Kyocera Communications, Inc.
- Company type: Subsidiary
- Industry: Telecommunication, Mobile phones
- Founded: April 1, 2008, formed by the merger of Kyocera Wireless, Kyocera International, and Sanyo Mobile Phone Division.
- Headquarters: San Diego, California, USA
- Key people: Yasuhiro Oishi- President; Jim Kelly- COO/EVP
- Products: Mobile Phones
- Parent: Kyocera Corporation
- Website: www.kyoceramobile.com

= Kyocera Communications =

American subsidiary of Japanese mobile phone manufacturer Kyocera

Kyocera Communications, Inc. (from Japanese: 京セラ Kyōsera) is an American manufacturer of mobile phones for wireless service providers in the United States and Canada. Kyocera Communications, Inc. is a wholly owned subsidiary of Kyocera Corporation, which also manufactures mobile phones for the Japanese wireless market under various brands.

==History==

KWC was originally formed in February 2000 when Kyocera acquired Qualcomm's San Diego, California-based terrestrial handset division. Upon the purchase of Qualcomm's business unit, Kyocera formed Kyocera Wireless Corp. (KWC).

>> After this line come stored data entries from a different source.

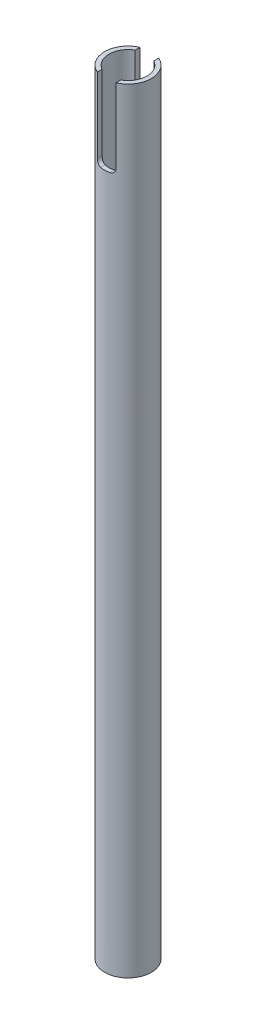
SolidWorks part; units mm, degrees
material "AISI 4130 Steel, normalized at 870C"
ref_plane "X-Y Datum" through (0, 0, 0) normal (0, 0, 1) x (1, 0, 0)
ref_plane "X-Z Datum" through (0, 0, 0) normal (0, 1, 0) x (1, 0, 0)
ref_plane "Y-Z Datum" through (0, 0, 0) normal (1, 0, 0) x (0, 0, -1)
sketch "Sketch1" plane through (0, 0, 0) normal (0, 1, 0) x (1, 0, 0)
  circle A0 centre (0, 0) radius 6.4643
  circle A1 centre (0, 0) radius 7.9375
  dimension "D1" = 1.4732
  dimension "D2" = 15.875
extrude "Boss-Extrude1" add sketch "Sketch1" along normal offset from surface (263.281 mm away) 25.4 from surface at -123.3946
sketch "Sketch2" plane through (0, 0, 0) normal (0, 0, 1) x (1, 0, 0)
  line L0 (0, 139.8865) -> (0, 112.899) construction
  line L1 (-3.175, 139.8865) -> (3.175, 139.8865)
  line L2 (-3.175, 139.8865) -> (-3.175, 114.4865)
  line L3 (-1.5875, 112.899) -> (1.5875, 112.899)
  line L4 (3.175, 139.8865) -> (3.175, 114.4865)
  line L6 (6.4643, 139.8865) -> (-6.4643, 139.8865) construction
  line L7 (-3.175, 144.9665) -> (-3.175, 117.6615) construction
  arc A0 (-3.175, 114.4865) -> (-1.5875, 112.899) centre (-1.5875, 114.4865) ccw
  arc A1 (1.5875, 112.899) -> (3.175, 114.4865) centre (1.5875, 114.4865) ccw
  dimension "D1" = 1.5875
extrude "Cut-Extrude2" cut sketch "Sketch2" against normal through all both and the other way through all
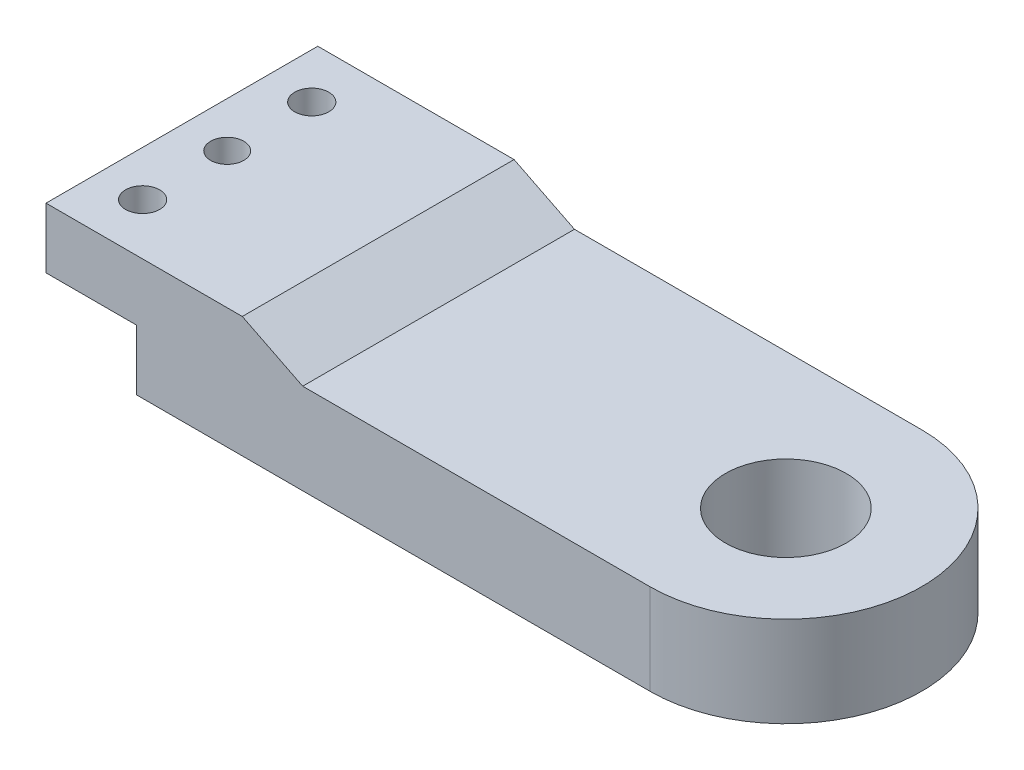
SolidWorks part; units mm, degrees
ref_plane "Front" through (0, 0, 0) normal (0, 0, 1) x (1, 0, 0)
ref_plane "Top" through (0, 0, 0) normal (0, 1, 0) x (1, 0, 0)
ref_plane "Right" through (0, 0, 0) normal (1, 0, 0) x (0, 0, -1)
sketch "草图1" plane through (0, 0, 0) normal (0, 1, 0) x (1, 0, 0)
  line L0 (-133.6287, 0) -> (76.3875, 0) construction
  line L2 (0, 22.5) -> (-100, 22.5)
  line L3 (0, 22.5) -> (0, -22.5) construction
  line L4 (0, -22.5) -> (-100, -22.5)
  line L5 (-100, 22.5) -> (-100, -22.5)
  arc A0 (0, 22.5) -> (0, -22.5) centre (0, 0) cw
  dimension "D1" = 22.5
  dimension "D2" = 100
extrude "凸台-拉伸1" add sketch "草图1" along normal blind 20
sketch "草图2" plane through (0, 0, 22.5) normal (0, 0, 1) x (1, 0, 0)
  line L1 (-100, 0) -> (-85, 0)
  line L2 (-100, 0) -> (-100, 10)
  line L3 (-100, 10) -> (-85, 10)
  line L4 (-85, 0) -> (-85, 10)
  dimension "D1" = 15
  dimension "D2" = 10
extrude "切除-拉伸1" cut sketch "草图2" against normal up to next
sketch "草图3" plane through (0, 10, 0) normal (0, -1, 0) x (1, 0, 0)
  line L0 (-92.5, 22.5) -> (-92.5, -22.5) construction
  line L1 (-85, 22.5) -> (-100, 22.5) construction
  line L2 (-100, -22.5) -> (-85, -22.5) construction
  line L3 (-100, 0) -> (-85, 0) construction
  line L4 (-100, -22.5) -> (-100, 22.5) construction
  line L5 (-85, -22.5) -> (-85, 22.5) construction
  circle A0 centre (-92.5, 0) radius 2.75
  circle A1 centre (-92.5, 14) radius 2.8241
  circle A2 centre (-92.5, -14) radius 2.8241
  dimension "D1" = 5.5
  dimension "D2" = 14
extrude "切除-拉伸2" cut sketch "草图3" against normal up to next
sketch "草图4" plane through (0, 0, 0) normal (0, 1, 0) x (1, 0, 0)
  circle A0 centre (0, 0) radius 10
  dimension "D1" = 20
extrude "切除-拉伸3" cut sketch "草图4" along normal up to next
sketch "草图5" plane through (0, 0, 22.5) normal (0, 0, 1) x (1, 0, 0)
  line L0 (22.5, 20) -> (22.5, 15)
  line L1 (22.5, 0) -> (22.5, 20) construction
  line L2 (22.5, 15) -> (-57.5, 15)
  line L3 (-57.5, 15) -> (-67.5, 20)
  line L4 (-100, 20) -> (0, 20) construction
  line L5 (-67.5, 20) -> (22.5, 20)
  dimension "D1" = 5
  dimension "D2" = 90
  dimension "D3" = 80
extrude "切除-拉伸4" cut sketch "草图5" against normal up to next
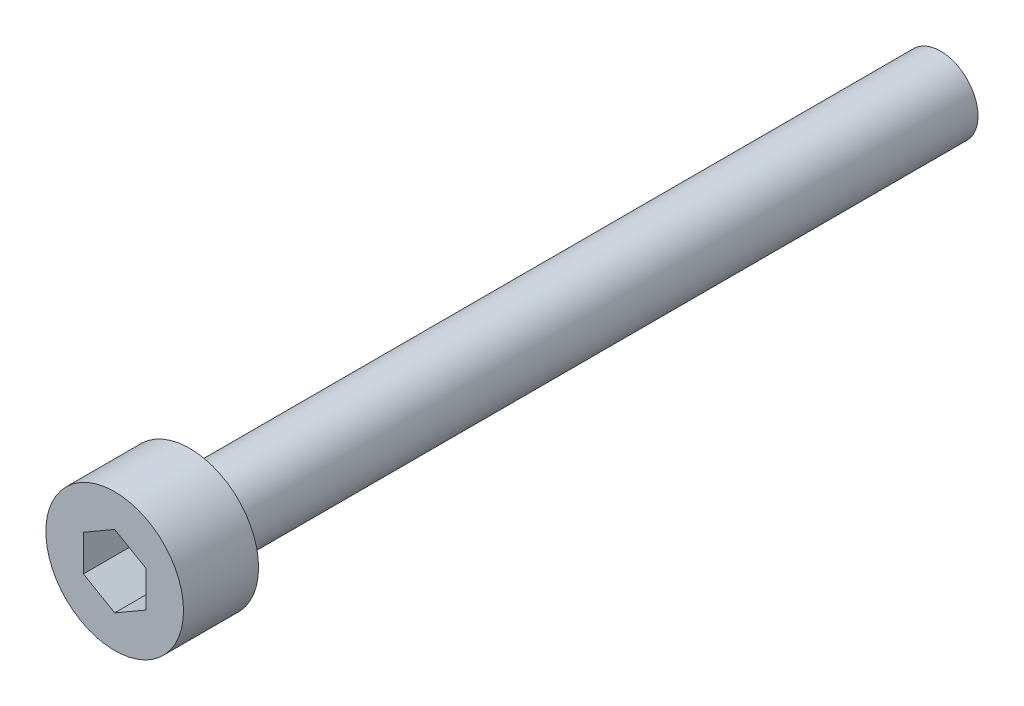
SolidWorks part; units mm, degrees
ref_plane "前视基准面" through (0, 0, 0) normal (0, 0, 1) x (1, 0, 0)
ref_plane "上视基准面" through (0, 0, 0) normal (0, 1, 0) x (1, 0, 0)
ref_plane "右视基准面" through (0, 0, 0) normal (1, 0, 0) x (0, 0, -1)
other "Configuration Table"
sketch "Profile_1" plane through (0, 0, 0) normal (0, 0, 1) x (1, 0, 0)
  circle A0 centre (0, 0) radius 1.5
extrude "Thread_envelope" add sketch "Profile_1" along normal blind 30 from offset 30
sketch "Profile_2" plane through (0, 0, 0) normal (0, 0, 1) x (1, 0, 0)
  line L0 (1.25, 0.7217) -> (0, 1.4434)
  line L1 (0, 1.4434) -> (-1.25, 0.7217)
  line L2 (-1.25, 0.7217) -> (-1.25, -0.7217)
  line L3 (-1.25, -0.7217) -> (0, -1.4434)
  line L4 (0, -1.4434) -> (1.25, -0.7217)
  line L5 (1.25, -0.7217) -> (1.25, 0.7217)
  circle A0 centre (0, 0) radius 2.75
extrude "Socket_head" add sketch "Profile_2" along normal blind 3 from offset 0
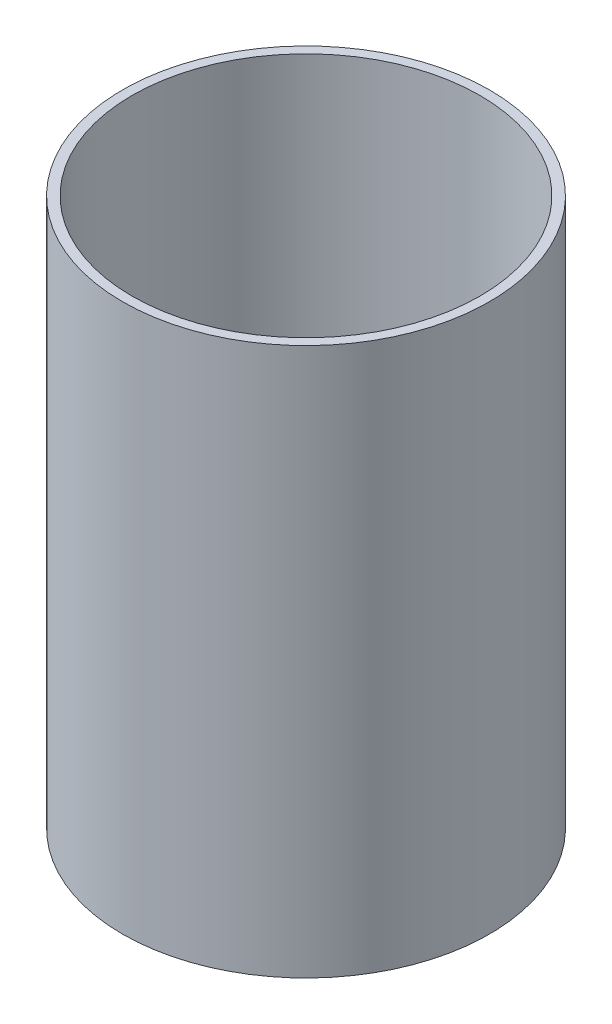
SolidWorks part; units mm, degrees
material "Chrome Stainless Steel"
ref_plane "Front Plane" through (0, 0, 0) normal (0, 0, 1) x (1, 0, 0)
ref_plane "Top Plane" through (0, 0, 0) normal (0, 1, 0) x (1, 0, 0)
ref_plane "Right Plane" through (0, 0, 0) normal (1, 0, 0) x (0, 0, -1)
sketch "Sketch1" plane through (0, 0, 0) normal (0, 1, 0) x (1, 0, 0)
  circle A0 centre (0, 0) radius 33.5
  dimension "D1" = 67
extrude "Boss-Extrude1" add sketch "Sketch1" along normal blind 100
sketch "Sketch2" plane through (0, 100, 0) normal (0, 1, 0) x (1, 0, 0)
  circle A0 centre (0, 0) radius 31.75
  circle A1 centre (0, 0) radius 33.5 construction
  dimension "D1" = 1.75
extrude "Cut-Extrude1" cut sketch "Sketch2" against normal blind 98

In 2003, Kyocera Wireless India (KWI), based in Bangalore, was established as a fully owned subsidiary of KWC, expanding KWC's reach into India's CDMA markets. However, in September 2009, KWC sold KWI to Mindtree Ltd. of Bangalore, India.

In 2008, Kyocera Corp. acquired the mobile phone division of Sanyo Electric Co., Ltd. for $375 million, making it the world's sixth-largest cell phone company. On April 1, 2008, it took the North American assets of Sanyo and created Kyocera Sanyo Telecom, Inc. (KSTI). It also announced that it was entering the GSM handset market, with a focus on the Latin American market. Kyocera continued selling Sanyo-branded phones throughout 2010.

On April 1, 2009, Kyocera announced the integration of KWC and KSTI, creating a new, consolidated division called Kyocera Communications, Inc. (KCI), with the headquarters remaining in its San Diego location. KCI remains one of North America's larger handset manufacturers, providing products to multiple wireless carriers including Cingular Wireless, AT&T, Boost Mobile, Cricket Wireless, MetroPCS, Public Mobile, Sprint Corporation, T-Mobile US, U.S. Cellular, Verizon Wireless, and Virgin Mobile USA.

In October 2011, Sprint began offering Kyocera's Dura Series, an exclusive line of rugged phones manufactured by Kyocera Communications using Sprint's new CDMA-based Push to talk service Sprint Direct Connect.

In August 2014, Kyocera released the Kyocera Brigadier, the first U.S. smartphone to be equipped with a display made of sapphire glass. This technology was carried over to the Verizon-distributed versions of the Duraforce Pro (announced August 2016, South Korea name Kyocera Torque) and the Duraforce Pro 2 (announced November 2018).

In 2022, Kyocera developed transmissive metasurface technology; a technology to improve performance and coverage area for 5G networks.

In April 2023, Kyocera acquired 37 acres of land in Isahaya City, Nagasaki Prefecture. The land was acquired to build a new smart factory that will produce ceramic components used in semiconductor applications and packages.